The monthly 5% allowance is converted into a daily allowance (~.17%/day). If you burst through your daily allowance in any one day of the month then you’re billed (for the whole month) based on your peak hour in that day (I’ve no idea what happens if the amount of data stored changes substantially during a month),

If you retrieve 0.1% on one day and 0.1 % the next day then you get charged nothing. If you were instead to retrieve 0.2% in one day, then Amazon would find your peak hour, deduct your prorated free usage charge your for the remainder.

In the example on their pricing page, an account has 12TB stored so can retrieve 20GB per day for free, but bursts through that limit by retrieving 1GB/hour for 24 hours. The free allowance is 0.82GB/hour, so the chargeable volume is 0.18GB.
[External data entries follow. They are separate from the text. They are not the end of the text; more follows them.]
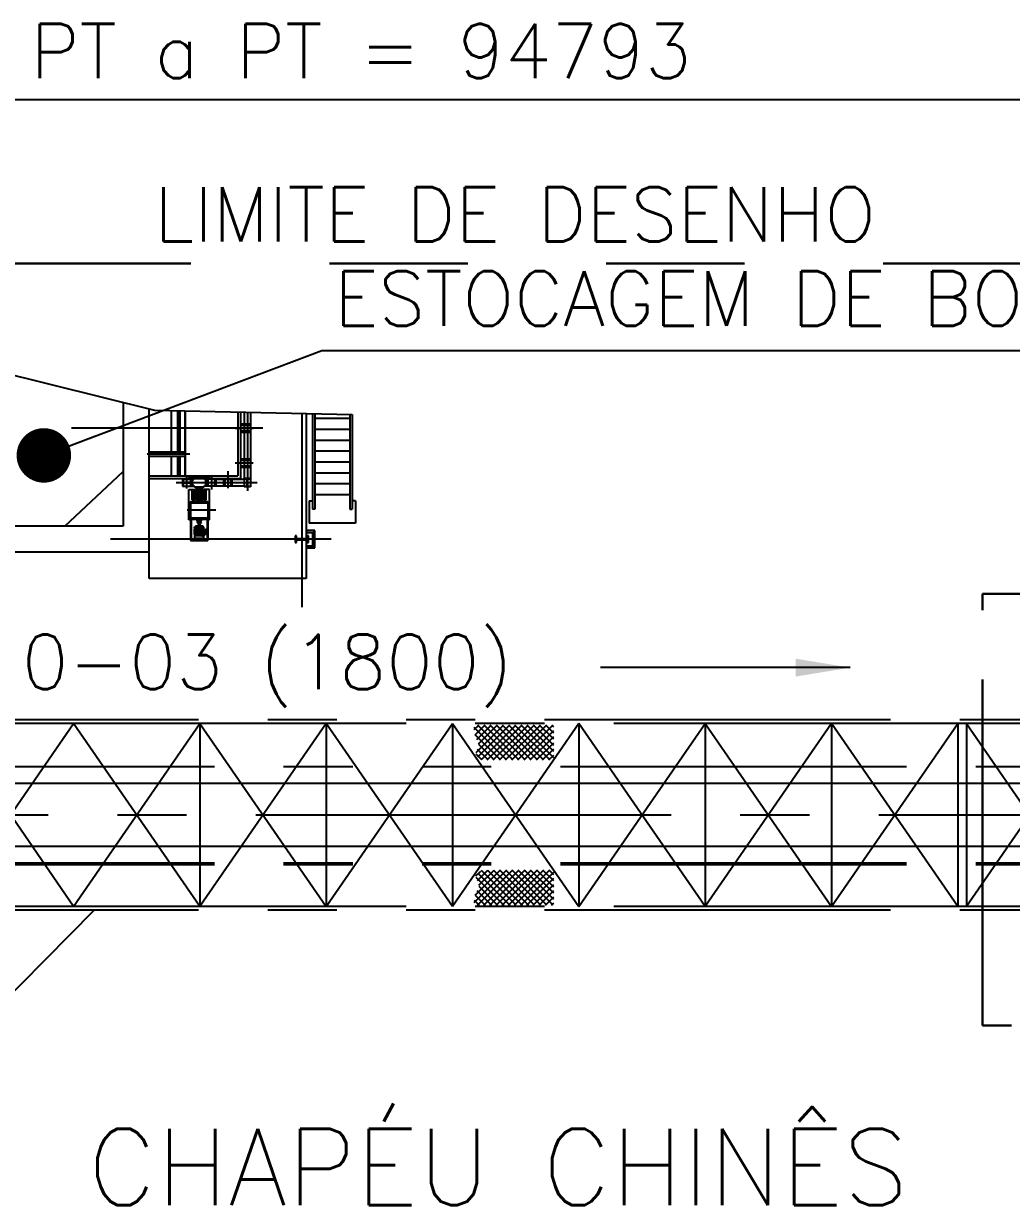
# Model space of a CAD drawing. Header units: millimetres. Extents: x 0 to 42050, y 0 to 29700.
# Drawn here: x 32704 to 34969, y 20775 to 23491 of the extents above; entities that cross this region are included whole.
import ezdxf

# ---------------------------------------------------------------- set-up
doc = ezdxf.new("R2010")
doc.units = ezdxf.units.MM
doc.header["$LTSCALE"] = 50
for name, pattern in [('CENTER2', [28.575, 19.05, -3.175, 3.175, -3.175]), ('HIDDEN2', [4.7625, 3.175, -1.5875]), ('PHANTOM', [63.5, 31.75, -6.35, 6.35, -6.35, 6.35, -6.35]), ('PHANTOM2', [31.75, 15.875, -3.175, 3.175, -3.175, 3.175, -3.175])]:
    doc.linetypes.add(name, pattern=pattern)
for name, color, linetype in [('EXISTENTE', 8, 'PHANTOM2'), ('TC1', 8, 'CENTER2'), ('TDM', 2, 'Continuous'), ('TR', 7, 'Continuous'), ('TR100', 3, 'Continuous'), ('TR120', 3, 'Continuous'), ('TR140', 4, 'Continuous')]:
    doc.layers.add(name, color=color, linetype=linetype)
doc.layers.add('HIDDEN', color=8, linetype='HIDDEN2', transparency=0.4)
doc.layers.add('TLM', color=1, linetype='PHANTOM', lineweight=30)
doc.styles.add('TR100', font='simplex.shx')
doc.styles.add('TR120', font='simplex.shx', dxfattribs={"height": 3})
doc.styles.add('TR140', font='simplex.shx', dxfattribs={"height": 3.5})
doc.dimstyles.new('SEG-S-1', dxfattribs={"dimscale": 50, "dimtxt": 2.5, "dimasz": 2.5, "dimexe": 1.5, "dimexo": 1.5, "dimgap": 1, "dimtad": 1, "dimdec": 0, "dimtxsty": 'TR100', "dimcen": 2.5, "dimclrd": 256, "dimclre": 256, "dimclrt": 3, "dimadec": 0, "dimazin": 0, "dimtfac": 1, "dimtdec": 0, "dimtmove": 0, "dimatfit": 3, "dimfxl": 0, "dimarcsym": 0})
doc.dimstyles.new('SEG-S-50x350', dxfattribs={"dimscale": 50, "dimtxt": 2.5, "dimasz": 2.5, "dimexe": 1.5, "dimexo": 1.5, "dimgap": 1, "dimtad": 1, "dimdec": 0, "dimlfac": 7, "dimtxsty": 'TR100', "dimcen": 2.5, "dimclrd": 256, "dimclre": 256, "dimclrt": 3, "dimadec": 0, "dimazin": 0, "dimtfac": 1, "dimtdec": 0, "dimtmove": 0, "dimatfit": 3, "dimfxl": 0, "dimarcsym": 0})
doc.dimstyles.new('SEG-S-50x500', dxfattribs={"dimscale": 50, "dimtxt": 2.5, "dimasz": 2.5, "dimexe": 1.5, "dimexo": 1.5, "dimgap": 1, "dimtad": 1, "dimdec": 0, "dimlfac": 10, "dimtxsty": 'TR100', "dimcen": 2.5, "dimclrd": 256, "dimclre": 256, "dimclrt": 3, "dimadec": 0, "dimazin": 0, "dimtfac": 1, "dimtdec": 0, "dimtmove": 0, "dimatfit": 3, "dimfxl": 0, "dimarcsym": 0})
pattern_1 = [(45, (-63890.557, -3999.764), (-7.0710678, 7.0710678), []), (135, (-63890.557, -3999.764), (-7.0710678, -7.0710678), [])]

# ---------------------------------------------------------------- blocks, each defined once
blk = doc.blocks.new('*D27')
at = {"layer": 'Defpoints', "color": 0}
for p in [(55073.2, 23112.1), (55073.2, 22749), (64552.5, 21684.8)]:
    blk.add_point(p, dxfattribs=at)
at = {"layer": 'TDM', "lineweight": -2}
for p, q in [((55073.2, 22824), (55073.2, 23187.1)), ((64552.5, 21759.8), (64552.5, 23187.1)), ((64427.5, 23112.1), (55198.2, 23112.1))]:
    blk.add_line(p, q, dxfattribs=at)
at = {"layer": 'TDM'}
for points in [[(55198.2, 23132.9), (55198.2, 23091.3), (55073.2, 23112.1)], [(64427.5, 23132.9), (64427.5, 23091.3), (64552.5, 23112.1)]]:
    blk.add_solid(points, dxfattribs=at)
at = {"layer": 'TDM', "color": 3, "insert": (59812.9, 23224.6), "char_height": 125, "attachment_point": 5, "style": 'TR100'}
blk.add_mtext('PT a PT = 94793', dxfattribs=at)
blk = doc.blocks.new('A$C8ff1fb60')
at = {"layer": 'HIDDEN'}
h = blk.add_hatch(dxfattribs=at)
h.set_pattern_fill('ANSI37', color=256, scale=80, style=0)
h.set_pattern_definition(pattern_1)
edge = h.paths.add_edge_path()
edge.add_line((-2829.72, 1849.94), (-2829.72, 1929.94))
edge.add_line((-2829.72, 1929.94), (-3012.86, 1929.94))
edge.add_spline(control_points=[(-3012.86, 1929.94), (-3011.84, 1918.71), (-3010.33, 1902.24), (-2997, 1880.76), (-3014.89, 1862.85), (-3000.95, 1854.45), (-2993.46, 1849.94)], knot_values=[0, 0, 0, 0, 340.7472159, 499.9375136, 679.9922539, 889.0417282, 889.0417282, 889.0417282, 889.0417282], degree=3, periodic=0)
edge.add_line((-2993.46, 1849.94), (-2829.72, 1849.94))
h = blk.add_hatch(dxfattribs=at)
h.set_pattern_fill('ANSI37', color=256, scale=80, style=0)
h.set_pattern_definition(pattern_1)
edge = h.paths.add_edge_path()
edge.add_line((-2829.72, 1517.14), (-3012.86, 1517.14))
edge.add_spline(control_points=[(-3012.86, 1517.14), (-3011.84, 1528.36), (-3010.33, 1544.84), (-2997, 1566.31), (-3014.89, 1584.23), (-3000.95, 1592.63), (-2993.46, 1597.14)], knot_values=[0, 0, 0, 0, 340.7472159, 499.9375136, 679.9922539, 889.0417282, 889.0417282, 889.0417282, 889.0417282], degree=3, periodic=0)
edge.add_line((-2993.46, 1597.14), (-2829.72, 1597.14))
edge.add_line((-2829.72, 1597.14), (-2829.72, 1517.14))
at = {"layer": 'EXISTENTE'}
for p, q in [((-4212, 2768.78), (-3745.62, 2652.27)), ((-3817.28, 2670.18), (-3817.28, 2386.47)), ((-3757.28, 2266.47), (-3757.28, 2655.19)), ((-3745.62, 2652.27), (-3291.58, 2642.41)), ((-3706.78, 2651.43), (-3706.78, 2556.47)), ((-3692.58, 2651.12), (-3692.58, 2556.47)), ((-3691.78, 2651.1), (-3691.78, 2556.47)), ((-3687.78, 2651.02), (-3687.78, 2556.47)), ((-3686.98, 2651), (-3686.98, 2556.47)), ((-3675.58, 2650.75), (-3675.58, 2556.47)), ((-3674.78, 2650.74), (-3674.78, 2503.47)), ((-3554.51, 2648.12), (-3554.51, 2502.2)), ((-3548.16, 2647.98), (-3548.16, 2495.85)), ((-3539.78, 2647.8), (-3539.78, 2478.47)), ((-3524.78, 2647.48), (-3524.78, 2478.47)), ((-3397.28, 2644.71), (-3397.28, 2266.47)), ((-3382.98, 2644.4), (-3382.98, 2425.28)), ((-3377.28, 2644.27), (-3377.28, 2425.28)), ((-3297.28, 2642.54), (-3297.28, 2425.28)), ((-3291.58, 2642.41), (-3291.58, 2425.28)), ((-3560.04, 2611.47), (-3519.21, 2611.47)), ((-3548.16, 2620.97), (-3524.78, 2620.97)), ((-3548.16, 2618.97), (-3524.78, 2618.97)), ((-3548.16, 2617.97), (-3524.78, 2617.97)), ((-3524.78, 2620.97), (-3524.78, 2601.97)), ((-3377.28, 2633.97), (-3297.28, 2633.97)), ((-3377.28, 2608.97), (-3297.28, 2608.97)), ((-3548.16, 2604.97), (-3524.78, 2604.97)), ((-3548.16, 2603.97), (-3524.78, 2603.97)), ((-3548.16, 2601.97), (-3524.78, 2601.97)), ((-3377.28, 2583.97), (-3297.28, 2583.97)), ((-3674.78, 2556.47), (-3757.28, 2556.47)), ((-3377.28, 2558.97), (-3297.28, 2558.97)), ((-3664.01, 2551.47), (-3762.46, 2551.47)), ((-3674.78, 2546.47), (-3757.28, 2546.47)), ((-3706.78, 2546.47), (-3706.78, 2503.47)), ((-3692.58, 2546.47), (-3692.58, 2503.47)), ((-3691.78, 2546.47), (-3691.78, 2503.47)), ((-3687.78, 2546.47), (-3687.78, 2503.47)), ((-3686.98, 2546.47), (-3686.98, 2503.47)), ((-3675.58, 2546.47), (-3675.58, 2503.47)), ((-3548.16, 2540.97), (-3524.78, 2540.97)), ((-3548.16, 2538.97), (-3524.78, 2538.97)), ((-3548.16, 2537.97), (-3524.78, 2537.97)), ((-3524.78, 2540.97), (-3524.78, 2521.97)), ((-3377.28, 2533.97), (-3297.28, 2533.97)), ((-3951.31, 2386.47), (-3817.28, 2511.47)), ((-3757.28, 2502.2), (-3554.51, 2502.2)), ((-3668.18, 2499.49), (-3668.18, 2502.2)), ((-3668.18, 2499.49), (-3617.38, 2499.49)), ((-3649.05, 2497.49), (-3649.05, 2499.49)), ((-3636.51, 2497.49), (-3636.51, 2499.49)), ((-3617.38, 2499.49), (-3617.38, 2502.2)), ((-3548.16, 2524.97), (-3524.78, 2524.97)), ((-3548.16, 2523.97), (-3524.78, 2523.97)), ((-3548.16, 2521.97), (-3524.78, 2521.97)), ((-3377.28, 2508.97), (-3297.28, 2508.97)), ((-3756.18, 2495.85), (-3548.16, 2495.85)), ((-3680.79, 2494.47), (-3654.83, 2494.47)), ((-3680.79, 2494.47), (-3680.79, 2478.47)), ((-3680.79, 2478.47), (-3654.83, 2478.47)), ((-3678.78, 2493.97), (-3680.78, 2493.97)), ((-3680.78, 2493.97), (-3680.78, 2478.97)), ((-3680.78, 2478.97), (-3678.78, 2478.97)), ((-3678.78, 2486.97), (-3678.78, 2493.97)), ((-3662.78, 2486.97), (-3678.78, 2486.97)), ((-3678.78, 2478.97), (-3678.78, 2485.97)), ((-3678.78, 2485.97), (-3662.78, 2485.97)), ((-3660.78, 2493.97), (-3662.78, 2493.97)), ((-3662.78, 2493.97), (-3662.78, 2486.97)), ((-3662.78, 2485.97), (-3662.78, 2478.97)), ((-3662.78, 2478.97), (-3660.78, 2478.97)), ((-3660.78, 2478.97), (-3660.78, 2493.97)), ((-3658.02, 2482.47), (-3658.02, 2490.47)), ((-3652.27, 2496.22), (-3652.27, 2497.47)), ((-3652.27, 2497.47), (-3633.29, 2497.47)), ((-3652.27, 2496.22), (-3633.29, 2496.22)), ((-3652.27, 2476.72), (-3652.27, 2475.47)), ((-3652.27, 2476.72), (-3633.29, 2476.72)), ((-3652.27, 2475.47), (-3633.29, 2475.47)), ((-3648.78, 2470.45), (-3648.78, 2475.47)), ((-3636.78, 2470.45), (-3636.78, 2475.47)), ((-3633.29, 2496.22), (-3633.29, 2497.47)), ((-3633.29, 2476.72), (-3633.29, 2475.47)), ((-3604.78, 2494.47), (-3630.73, 2494.47)), ((-3604.78, 2478.47), (-3630.73, 2478.47)), ((-3627.54, 2482.47), (-3627.54, 2490.47)), ((-3624.78, 2478.97), (-3624.78, 2493.97)), ((-3624.78, 2493.97), (-3622.78, 2493.97)), ((-3622.78, 2478.97), (-3624.78, 2478.97)), ((-3622.78, 2493.97), (-3622.78, 2486.97)), ((-3622.78, 2486.97), (-3606.78, 2486.97)), ((-3606.78, 2485.97), (-3622.78, 2485.97)), ((-3622.78, 2485.97), (-3622.78, 2478.97)), ((-3606.78, 2486.97), (-3606.78, 2493.97)), ((-3606.78, 2493.97), (-3604.78, 2493.97)), ((-3606.78, 2493.97), (-3539.91, 2493.97)), ((-3606.78, 2478.97), (-3606.78, 2485.97)), ((-3604.78, 2478.97), (-3606.78, 2478.97)), ((-3606.78, 2478.97), (-3539.78, 2478.97)), ((-3604.78, 2494.47), (-3604.78, 2478.47)), ((-3604.78, 2493.97), (-3604.78, 2478.97)), ((-3586.78, 2495.85), (-3586.78, 2478.97)), ((-3586.78, 2478.97), (-3567.78, 2478.97)), ((-3584.78, 2495.85), (-3584.78, 2478.97)), ((-3583.78, 2495.85), (-3583.78, 2478.97)), ((-3570.78, 2495.85), (-3570.78, 2478.97)), ((-3569.78, 2495.85), (-3569.78, 2478.97)), ((-3567.78, 2495.85), (-3567.78, 2478.97)), ((-3539.91, 2493.97), (-3539.78, 2494.1)), ((-3539.78, 2496.47), (-3524.78, 2496.47)), ((-3539.78, 2494.47), (-3539.78, 2496.47)), ((-3532.78, 2494.47), (-3539.78, 2494.47)), ((-3539.78, 2476.47), (-3539.78, 2478.47)), ((-3539.78, 2478.47), (-3532.78, 2478.47)), ((-3524.78, 2476.47), (-3539.78, 2476.47)), ((-3532.78, 2478.47), (-3532.78, 2494.47)), ((-3524.78, 2494.47), (-3531.78, 2494.47)), ((-3531.78, 2494.47), (-3531.78, 2478.47)), ((-3531.78, 2478.47), (-3524.78, 2478.47)), ((-3524.78, 2496.47), (-3524.78, 2494.47)), ((-3524.78, 2478.47), (-3524.78, 2476.47)), ((-3377.28, 2483.97), (-3297.28, 2483.97)), ((-3666.78, 2400.83), (-3666.78, 2470.66)), ((-3666.78, 2470.66), (-3652.42, 2470.66)), ((-3658.78, 2446.68), (-3658.78, 2470.66)), ((-3658.78, 2446.68), (-3652.42, 2446.68)), ((-3658.38, 2466.66), (-3658.38, 2470.26)), ((-3658.38, 2470.26), (-3654.78, 2470.26)), ((-3658.38, 2450.68), (-3658.38, 2447.08)), ((-3658.38, 2447.08), (-3654.78, 2447.08)), ((-3656.78, 2462.41), (-3656.78, 2465.21)), ((-3656.78, 2465.21), (-3654.78, 2465.21)), ((-3656.78, 2462.41), (-3628.78, 2462.41)), ((-3654.78, 2461.61), (-3656.78, 2462.41)), ((-3654.78, 2455.73), (-3656.78, 2454.93)), ((-3656.78, 2454.93), (-3628.78, 2454.93)), ((-3656.78, 2454.93), (-3656.78, 2452.13)), ((-3656.78, 2452.13), (-3654.78, 2452.13)), ((-3654.78, 2466.41), (-3651.18, 2466.41)), ((-3654.78, 2465.21), (-3654.78, 2466.41)), ((-3654.78, 2465.21), (-3630.78, 2465.21)), ((-3654.78, 2461.61), (-3630.78, 2461.61)), ((-3654.78, 2455.73), (-3654.78, 2461.61)), ((-3654.78, 2458.67), (-3630.78, 2458.67)), ((-3654.78, 2455.73), (-3630.78, 2455.73)), ((-3654.78, 2452.13), (-3630.78, 2452.13)), ((-3654.78, 2452.13), (-3654.78, 2450.93)), ((-3654.78, 2450.93), (-3651.18, 2450.93)), ((-3651.18, 2466.41), (-3651.18, 2470.45)), ((-3651.18, 2470.45), (-3634.38, 2470.45)), ((-3651.18, 2466.41), (-3634.38, 2466.41)), ((-3651.18, 2450.93), (-3634.38, 2450.93)), ((-3651.18, 2450.93), (-3651.18, 2446.89)), ((-3651.18, 2446.89), (-3634.38, 2446.89)), ((-3649.35, 2445.13), (-3636.22, 2445.13)), ((-3649.35, 2445.13), (-3649.35, 2443.23)), ((-3647.58, 2446.89), (-3647.58, 2445.13)), ((-3637.98, 2446.89), (-3637.98, 2445.13)), ((-3636.22, 2445.13), (-3636.22, 2443.23)), ((-3634.38, 2466.41), (-3634.38, 2470.45)), ((-3634.38, 2466.41), (-3630.78, 2466.41)), ((-3634.38, 2450.93), (-3630.78, 2450.93)), ((-3634.38, 2450.93), (-3634.38, 2446.89)), ((-3618.78, 2470.66), (-3633.14, 2470.66)), ((-3626.78, 2446.68), (-3633.14, 2446.68)), ((-3627.18, 2470.26), (-3630.78, 2470.26)), ((-3630.78, 2465.21), (-3630.78, 2466.41)), ((-3630.78, 2465.21), (-3628.78, 2465.21)), ((-3630.78, 2461.61), (-3628.78, 2462.41)), ((-3630.78, 2455.73), (-3630.78, 2461.61)), ((-3630.78, 2455.73), (-3628.78, 2454.93)), ((-3630.78, 2452.13), (-3628.78, 2452.13)), ((-3630.78, 2452.13), (-3630.78, 2450.93)), ((-3627.18, 2447.08), (-3630.78, 2447.08)), ((-3628.78, 2462.41), (-3628.78, 2465.21)), ((-3628.78, 2454.93), (-3628.78, 2452.13)), ((-3627.18, 2466.66), (-3627.18, 2470.26)), ((-3627.18, 2450.68), (-3627.18, 2447.08)), ((-3626.78, 2446.68), (-3626.78, 2470.66)), ((-3618.78, 2400.83), (-3618.78, 2470.66)), ((-3390.62, 2444.9), (-3390.62, 2393.32)), ((-3390.62, 2444.9), (-3382.98, 2444.9)), ((-3377.28, 2458.97), (-3297.28, 2458.97)), ((-3283.95, 2444.9), (-3291.58, 2444.9)), ((-3283.95, 2444.9), (-3283.95, 2393.32)), ((-3662.78, 2443.23), (-3662.78, 2402.29)), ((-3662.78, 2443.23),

Amazon then charges you for that that for every hour in the month: for a thirty day month you’d pay 720 * 0.18 * 0.01 = $1.30. Furthermore it would appear that the time period used is the time it takes Amazon to get execute the job (ie 3-4 hours), not how long it takes for you to download the file. This would also imply that if you only download half the file you’re still paying for the whole file, because Amazon still had to transfer the whole file out of long term storage.

One consequence is that retrieving files one at a time is cheaper than retrieving them in parallel – if those 24 gigabytes were retrieved simultanously and the jobs all took 4 hours then the peak rate would be 6GB/hour and the monthly charge would be $37.2 (assuming there weren’t any other periods of heavier usage that month) for retrieving the same bytes. Having had those expensive hours you can continue to retrieve data at that rate for the rest of the month for no extra cost.

So try not to get too much data out, and if you do have to, do it in february on a non leap year (since then you’ll only pay for 672 hours). It would also appear to be a good idea to store smallish archives so that you can be granular with your retrievals.

API

Of all the AWS APIs I’ve worked on for fog glacier was by far the easiest to work with. It’s more RESTFUL than some of the older ones so slightly more predictable. Nearly all the api calls are idempotent: if a request fails (for example the network connection drops) it’s safe to retry exactly the same request without having to figure out whether the previous attempt succeeded. Best of all, the data it returns is JSON, so no XML parsing. Thanks amazon!